3. Lebih banyak orang-orang yang muda yang melakukan bunuh diri dibanding orang-orang tua. Di mana yang muda, penyebab stress dan ketidak-pastian hidup adalah jauh lebih
besar.
4. Dalam kaitannya dengan ketidaksamaan dan diskriminasi, kulit hitam mempunyai suatu tingkat bunuh diri lebih tinggi dibanding dengan kulit putih, tiap tahunnya.
5. Kondisi kehidupan yang miskin, tingkat angka bunuh diri di negara berkembang adalah jauh lebih tinggi dibanding dengan masyarakat industri maju.
Ternyata  riset  sosiologi  telah  menunjukkan  masing-masing  pernyataan  tersebut merupakan jawaban-jawaban yang semu ataupun palsu (Gibbs, 1968). Angka bunuh diri
adalah lebih tinggi sepanjang bulan musim panas dibanding musim dingin.. Pada sebagian lagi, hal ini adalah disebabkan orang-orang merasa depresi ketika cuaca yang panas dan sesuatu  yang  ia  harapkan  untuk  menikmati  waktu  bersenag-senang  ia  yang  ia  sangat
nantikan ternyata ibarat mendaki yang terjal di bebatuan.. Karena sejumlah pertimbangan dan pikiran akal sehat kita, ternyata angka bunuh diri kaum laki-laki jauh lebih tinggi dibanding perempuan. (walaupun kaum wanita mencoba bunuh diri lebih sering dibanding
yang dilakukan laki-laki). Tingkat bunuh diri yang dilakukan kaum tua juga lebih tinggi daripada yang muda, di mana sebagian disebabkan oleh kesehatan yang sakit-sakitan. Dan tingkat bunuh diri di antara kulit hitam dan di negara berkembang secara relatif adalah
rendah. Mungkin nampak aneh  kedegarannya, tetapi  bukti  menunjukkan bahwa  tingkat bunuh diri adalah jauh lebih tinggi dari mereka, di mana umumnya adalah negara-negara yang makmur dan rata-rata berpendidikan cukup baik.

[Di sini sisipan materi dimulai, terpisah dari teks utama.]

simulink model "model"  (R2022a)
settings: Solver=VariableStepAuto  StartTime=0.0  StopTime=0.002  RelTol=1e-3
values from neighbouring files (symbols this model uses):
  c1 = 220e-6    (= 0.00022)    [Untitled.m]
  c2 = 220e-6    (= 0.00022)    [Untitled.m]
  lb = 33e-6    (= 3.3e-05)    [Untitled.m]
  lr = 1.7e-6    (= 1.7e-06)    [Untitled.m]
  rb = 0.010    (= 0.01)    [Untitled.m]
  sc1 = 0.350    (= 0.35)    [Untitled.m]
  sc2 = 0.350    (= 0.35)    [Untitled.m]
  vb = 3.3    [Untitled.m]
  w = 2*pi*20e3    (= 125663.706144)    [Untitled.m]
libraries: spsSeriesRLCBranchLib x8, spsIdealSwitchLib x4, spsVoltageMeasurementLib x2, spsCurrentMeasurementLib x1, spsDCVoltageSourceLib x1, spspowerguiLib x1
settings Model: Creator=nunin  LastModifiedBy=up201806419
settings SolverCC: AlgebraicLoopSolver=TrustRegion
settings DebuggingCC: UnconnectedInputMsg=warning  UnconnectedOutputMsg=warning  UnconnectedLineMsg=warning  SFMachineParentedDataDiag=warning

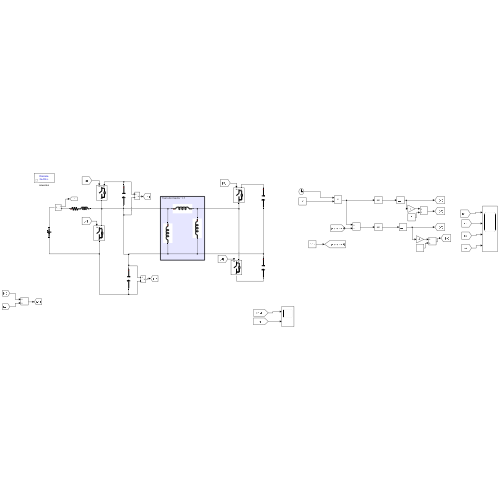
[thumbnail: Simulink's stored preview of the top-level diagram]
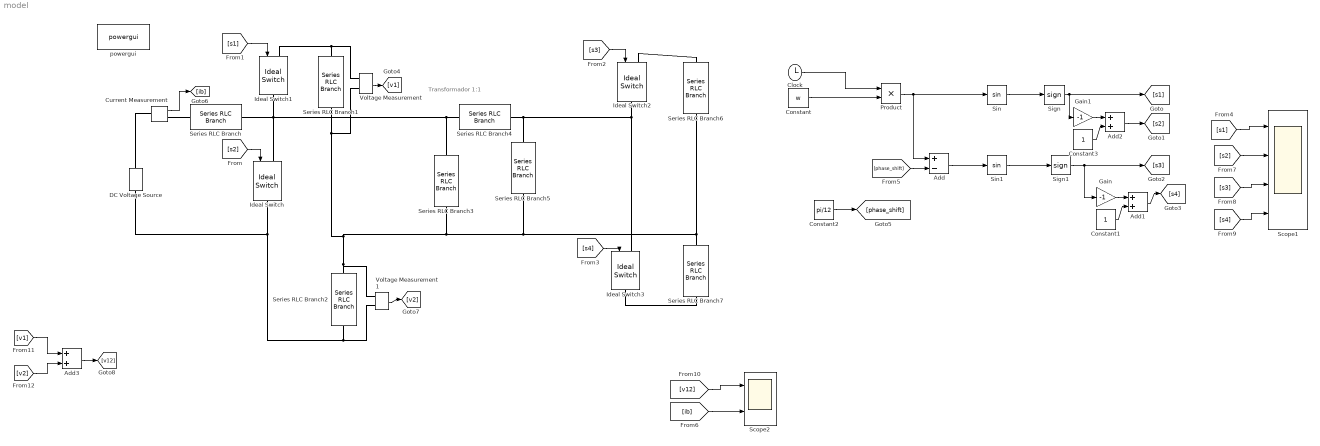
== system model ==
  note: Transformador 1:1
  Add : Sum  Inputs=+-
  Add1 : Sum
  Add2 : Sum
  Add3 : Sum
  Clock : Clock
  Constant : Constant  Value=w
  Constant1 : Constant
  Constant2 : Constant  Value=pi/12
  Constant3 : Constant
  Current Measurement : spsCurrentMeasurementLib/Current Measurement  PhasorSimulation=off  OutputType=Complex  PSBequivalent=0
  DC Voltage Source : spsDCVoltageSourceLib/DC Voltage Source  Amplitude=vb  Measurements=None
  Gain : Gain  Gain=-1
  Gain1 : Gain  Gain=-1
  Ideal Switch{,1..3} (4 alike) : spsIdealSwitchLib/Ideal Switch  Ron=0.001  Lon=0  IC=0  Rs=1e5  Cs=inf  Measurements=off
  Product : Product
  Scope1 : Scope  NumInputPorts=4
  Scope2 : Scope  NumInputPorts=2
  Series RLC Branch : spsSeriesRLCBranchLib/Series RLC Branch  LConnTagsString=__new0  RConnTagsString=__new0  BranchType=RL  Resistance=rb  Inductance=lb  SetiL0=off  InitialCurrent=0  Capacitance=1e-6  Setx0=off  InitialVoltage=0  Measurements=None
  Series RLC Branch1 : spsSeriesRLCBranchLib/Series RLC Branch  LConnTagsString=__new0  RConnTagsString=__new0  BranchType=C  Resistance=rb  Inductance=lb  SetiL0=off  InitialCurrent=0  Capacitance=c1  Setx0=on  InitialVoltage=3.3  Measurements=None
  Series RLC Branch2 : spsSeriesRLCBranchLib/Series RLC Branch  LConnTagsString=__new0  RConnTagsString=__new0  BranchType=C  Resistance=rb  Inductance=lb  SetiL0=off  InitialCurrent=0  Capacitance=c2  Setx0=on  InitialVoltage=3.3  Measurements=None
  Series RLC Branch3 : spsSeriesRLCBranchLib/Series RLC Branch  LConnTagsString=__new0  RConnTagsString=__new0  BranchType=L  Resistance=rb  Inductance=lr/100  SetiL0=off  InitialCurrent=0  Capacitance=1e-6  Setx0=off  InitialVoltage=0  Measurements=None
  Series RLC Branch4 : spsSeriesRLCBranchLib/Series RLC Branch  LConnTagsString=__new0  RConnTagsString=__new0  BranchType=L  Resistance=rb  Inductance=lr  SetiL0=off  InitialCurrent=0  Capacitance=1e-6  Setx0=off  InitialVoltage=0  Measurements=None
  Series RLC Branch5 : spsSeriesRLCBranchLib/Series RLC Branch  LConnTagsString=__new0  RConnTagsString=__new0  BranchType=L  Resistance=rb  Inductance=lr/100  SetiL0=off  InitialCurrent=0  Capacitance=1e-6  Setx0=off  InitialVoltage=0  Measurements=None
  Series RLC Branch6 : spsSeriesRLCBranchLib/Series RLC Branch  LConnTagsString=__new0  RConnTagsString=__new0  BranchType=C  Resistance=rb  Inductance=lb  SetiL0=off  InitialCurrent=0  Capacitance=sc1  Setx0=on  InitialVoltage=3.3  Measurements=None
  Series RLC Branch7 : spsSeriesRLCBranchLib/Series RLC Branch  LConnTagsString=__new0  RConnTagsString=__new0  BranchType=C  Resistance=rb  Inductance=lb  SetiL0=off  InitialCurrent=0  Capacitance=sc2  Setx0=on  InitialVoltage=3.3  Measurements=None
  Sign : Signum  ZeroCross=off
  Sign1 : Signum
  Sin : Trigonometry
  Sin1 : Trigonometry
  Voltage Measurement : spsVoltageMeasurementLib/Voltage Measurement  PhasorSimulation=off  OutputType=Complex  PSBequivalent=0
  Voltage Measurement1 : spsVoltageMeasurementLib/Voltage Measurement  PhasorSimulation=off  OutputType=Complex  PSBequivalent=0
  powergui : spspowerguiLib/powergui  Priority=1  SimulationMode=Discrete  SampleTime=2e-9  frequency=60  Iterations=50  frequencyindice=0  Pbase=100e6  ErrMax=1e-4  UnitsV=kV  UnitsW=MW  buscounter=0  FunctionMessages=off  echomessages=off  EnableUseOfTLC=off  CurrentSourceSwitches=off  DisableSnubberDevices=off  DisableRonSwitches=off  DisableVfSwitches=off  DisplayEquations=off  AutomaticDiscreteSolvers=off  SolverType=Tustin/Backward Euler (TBE)  Interpol=off  ExternalGateDelay=off  methode=off  Ts=100  x0status=blocks  SPID=on  SwTol=0  HookPort=off  NonlinearTolerance=1e-4  nMaxIteration=100  ContinueOnMaxIteration=off  RestoreLinks=warning  ResistiveCurrentMeasurement=off  Frange=[0:2:500]  Ylog=off  Xlog=on  ShowGrid=off  save=off  variable=ZData  structure=0  ZoomFFT=off  StartTime=0.0  cycles=1  DisplayStyle=1  fundamental=60  FreqAxis=off  MaxFrequency=1000  frequencyindicesteady=1  RmsSteady=1  display=off
  wires:
  [s2] -> Ideal Switch/1
  [s1] -> Ideal Switch1/1
  [s3] -> Ideal Switch2/1
  Clock/1 -> Product/1
  Constant/1 -> Product/2
  Product/1 -> Add/1, Sin/1
  [phase_shift] -> Add/2
  Add/1 -> Sin1/1
  Sin/1 -> Sign/1
  Sin1/1 -> Sign1/1
  Sign/1 -> Gain1/1, [s1]
  Add2/1 -> [s2]
  Sign1/1 -> Gain/1, [s3]
  Constant2/1 -> [phase_shift]
  Current Measurement/1 -> [ib]
  [ib] -> Scope2/2
  [s1] -> Scope1/1
  [s2] -> Scope1/2
  [s3] -> Scope1/3
  [s4] -> Scope1/4
  Add1/1 -> [s4]
  Gain/1 -> Add1/1
  Constant1/1 -> Add1/2
  Constant3/1 -> Add2/2
  Gain1/1 -> Add2/1
  Voltage Measurement/1 -> [v1]
  [v12] -> Scope2/1
  Voltage Measurement1/1 -> [v2]
  [v1] -> Add3/1
  [v2] -> Add3/2
  Add3/1 -> [v12]
  [s4] -> Ideal Switch3/1
  connections:
  Series RLC Branch/RConn1 -- Ideal Switch1/RConn1 -- Ideal Switch/LConn1 -- Series RLC Branch4/LConn1 -- Series RLC Branch3/LConn1
  Series RLC Branch1/LConn1 -- Ideal Switch1/LConn1 -- Voltage Measurement/LConn1
  Series RLC Branch5/LConn1 -- Ideal Switch3/LConn1 -- Ideal Switch2/RConn1 -- Series RLC Branch4/RConn1
  Ideal Switch2/LConn1 -- Series RLC Branch6/LConn1
  Ideal Switch3/RConn1 -- Series RLC Branch7/RConn1
  Current Measurement/RConn1 -- Series RLC Branch/LConn1
  Current Measurement/LConn1 -- DC Voltage Source/RConn1
  Voltage Measurement1/LConn2 -- Ideal Switch/RConn1 -- DC Voltage Source/LConn1 -- Series RLC Branch2/RConn1
  Series RLC Branch6/RConn1 -- Series RLC Branch7/LConn1 -- Voltage Measurement1/LConn1 -- Series RLC Branch2/LConn1 -- Voltage Measurement/LConn2 -- Series RLC Branch1/RConn1 -- Series RLC Branch3/RConn1 -- Series RLC Branch5/RConn1

Bukti-bukti adanya peningkatan yang tajam dalam bunuh diri bahwa terjadi ketika
masyarakat menjadi lebih maju, fakta ini dikumpulkan pertama kali secara sistematis oleh salah seorang pendiri sosiologi, Emile Durkheim (1858-1917). Suicide judul bukunya itu (1897) adalah salah seorang dari pelopor studi ilmiah dalam sosiologi. Studi bunuh diri sejak itu telah menjadi suatu bidang kajian riset yang penting dan menarik, sering mengejutkan dan menemukan hal-hal yang aneh seperti tulisan Durheim..Apa yang dapat kita pelajari dari pernyataan tentang bunuh diri tersebut?. Pernyataan akal-sehat dan pertimbangan ataupun pemikiran yang beralasan untuk mendukungnya, ternyata dapat menyesatkan dan sering hal  itu  terjadi. Di  situlah sosiologi sebagai science of  the  obvious hanya  bisa  dilakukan melalui kajian-kajian yang penuh kehati-hatian dan obyektif, bahwa kita dapat mengetahui dengan  penuh  percaya  diri  dalam  menjawab  banyak  pertanyaan  tentang  tingkah  laku manusia dan masyarakat kita.